小倉遊亀(おぐらゆき、1895-2000)は現在の滋賀県大津市に生まれ、奈良女子高等師範学校(現・奈良女子大学)に学び、1920年、大磯に住む安田靫彦に師事し本格的に日本画家として歩み始めます。1926年から再興院展に入選を重ね、1932年に女性初の日本美術院同人に推挙されました。厳しい精神修養と、アンリ・マティスなど近代絵画の影響を受け、理想を内に秘め、かつ慈愛に満ちた人物や静物へのまなざしが感じられる独自の画境をうちたてました。1954年第4回上村松園賞、翌年芸能選奨美術部門文部大臣賞、1962年日本芸術院賞受賞、1980年文化勲章受章へと結実し、1990年から日本美術院理事長の重責を担うなど目覚ましい活躍を重ねました。また1938年に山岡鉄舟の高弟、小倉鉄樹と結婚したのち、北鎌倉に移居して制作に邁進しました。
現代的で清新な作品には、作家がたどり着いた美の本質が表れ、巧みな構成や色彩には爽やかな生命の輝きが見られます。

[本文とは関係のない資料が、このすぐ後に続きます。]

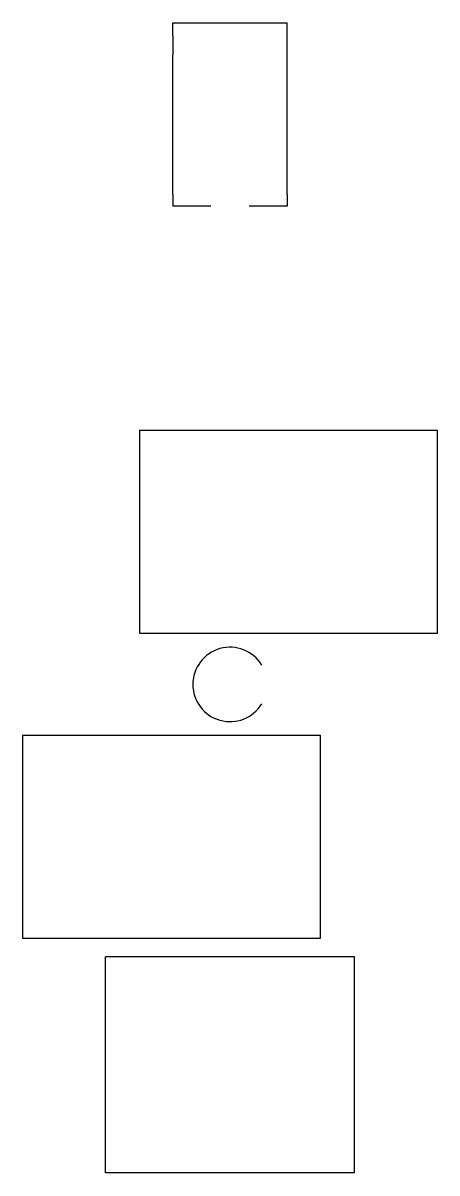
# Model space of a CAD drawing. Extents: x -16.3 to 16.3, y -44.2 to 46.3.
import ezdxf

# ---------------------------------------------------------------- set-up
doc = ezdxf.new("R2010")
doc.units = 0
doc.header["$MEASUREMENT"] = 0
doc.layers.add('MODELSKETCH_VISIBLE', color=7, linetype='CONTINUOUS')

msp = doc.modelspace()

# ---------------------------------------------------------------- linework, layer by layer
at = {"layer": 'MODELSKETCH_VISIBLE'}
for p, q in [((-4.5, 45.3), (-4.5, 46.3)), ((-4.5, 46.3), (4.5, 46.3)), ((4.5, 45.3), (4.5, 46.3)), ((-4.5, 45.3), (-4.5, 43.8)), ((4.5, 43.8), (4.5, 45.3)), ((-4.5, 42.8), (-4.5, 43.8)), ((4.5, 42.8), (4.5, 43.8)), ((-4.5, 32.8), (-4.5, 42.8)), ((4.5, 32.8), (4.5, 42.8)), ((-4.5, 32.8), (-4.5, 31.9)), ((4.5, 32.8), (4.5, 31.9)), ((-1.5, 31.9), (-4.5, 31.9)), ((4.5, 31.9), (1.5, 31.9)), ((-7.1, -1.739), (-7.1, 14.261)), ((-7.1, 14.261), (-4.15, 14.261)), ((-4.15, 14.261), (1.35, 14.261)), ((1.35, 14.261), (2.2, 14.261)), ((2.2, 14.261), (7.7, 14.261)), ((7.7, 14.261), (8.55, 14.261)), ((8.55, 14.261), (14.05, 14.261)), ((14.05, 14.261), (16.3, 14.261)), ((16.3, 14.261), (16.3, -1.739)), ((-4.15, -1.739), (-7.1, -1.739)), ((1.35, -1.739), (-4.15, -1.739)), ((2.2, -1.739), (1.35, -1.739)), ((7.7, -1.739), (2.2, -1.739)), ((8.55, -1.739), (7.7, -1.739)), ((14.05, -1.739), (8.55, -1.739)), ((16.3, -1.739), (14.05, -1.739)), ((-16.3, -9.739), (-14.05, -9.739)), ((-16.3, -25.739), (-16.3, -9.739)), ((-14.05, -9.739), (-8.55, -9.739)), ((-8.55, -9.739), (-7.7, -9.739)), ((-7.7, -9.739), (-2.2, -9.739)), ((-2.2, -9.739), (-1.35, -9.739)), ((-1.35, -9.739), (4.15, -9.739)), ((4.15, -9.739), (7.1, -9.739)), ((7.1, -9.739), (7.1, -25.739)), ((-14.05, -25.739), (-16.3, -25.739)), ((-8.55, -25.739), (-14.05, -25.739)), ((-7.7, -25.739), (-8.55, -25.739)), ((-2.2, -25.739), (-7.7, -25.739)), ((-1.35, -25.739), (-2.2, -25.739)), ((4.15, -25.739), (-1.35, -25.739)), ((7.1, -25.739), (4.15, -25.739)), ((9.8, -27.175), (-9.8, -27.175)), ((-9.8, -44.175), (-9.8, -27.175)), ((9.8, -44.175), (9.8, -27.175)), ((9.8, -44.175), (-9.8, -44.175))]:
    msp.add_line(p, q, dxfattribs=at)
msp.add_arc((0, -5.739), 2.925, 31.2733, 328.7267, dxfattribs=at)

doc.saveas('drawing.dxf')

本展では、初期から晩年までの代表作および挿絵類や愛蔵の陶磁器など約120点により、75年の気貴い画業の高みを紹介します。神奈川県内では2001年の鎌倉芸術館での追悼展以来17年ぶりとなる本格的な回顧展となります。清新で明るく、われわれの心をとらえてやまない珠玉の作品をお楽しみください。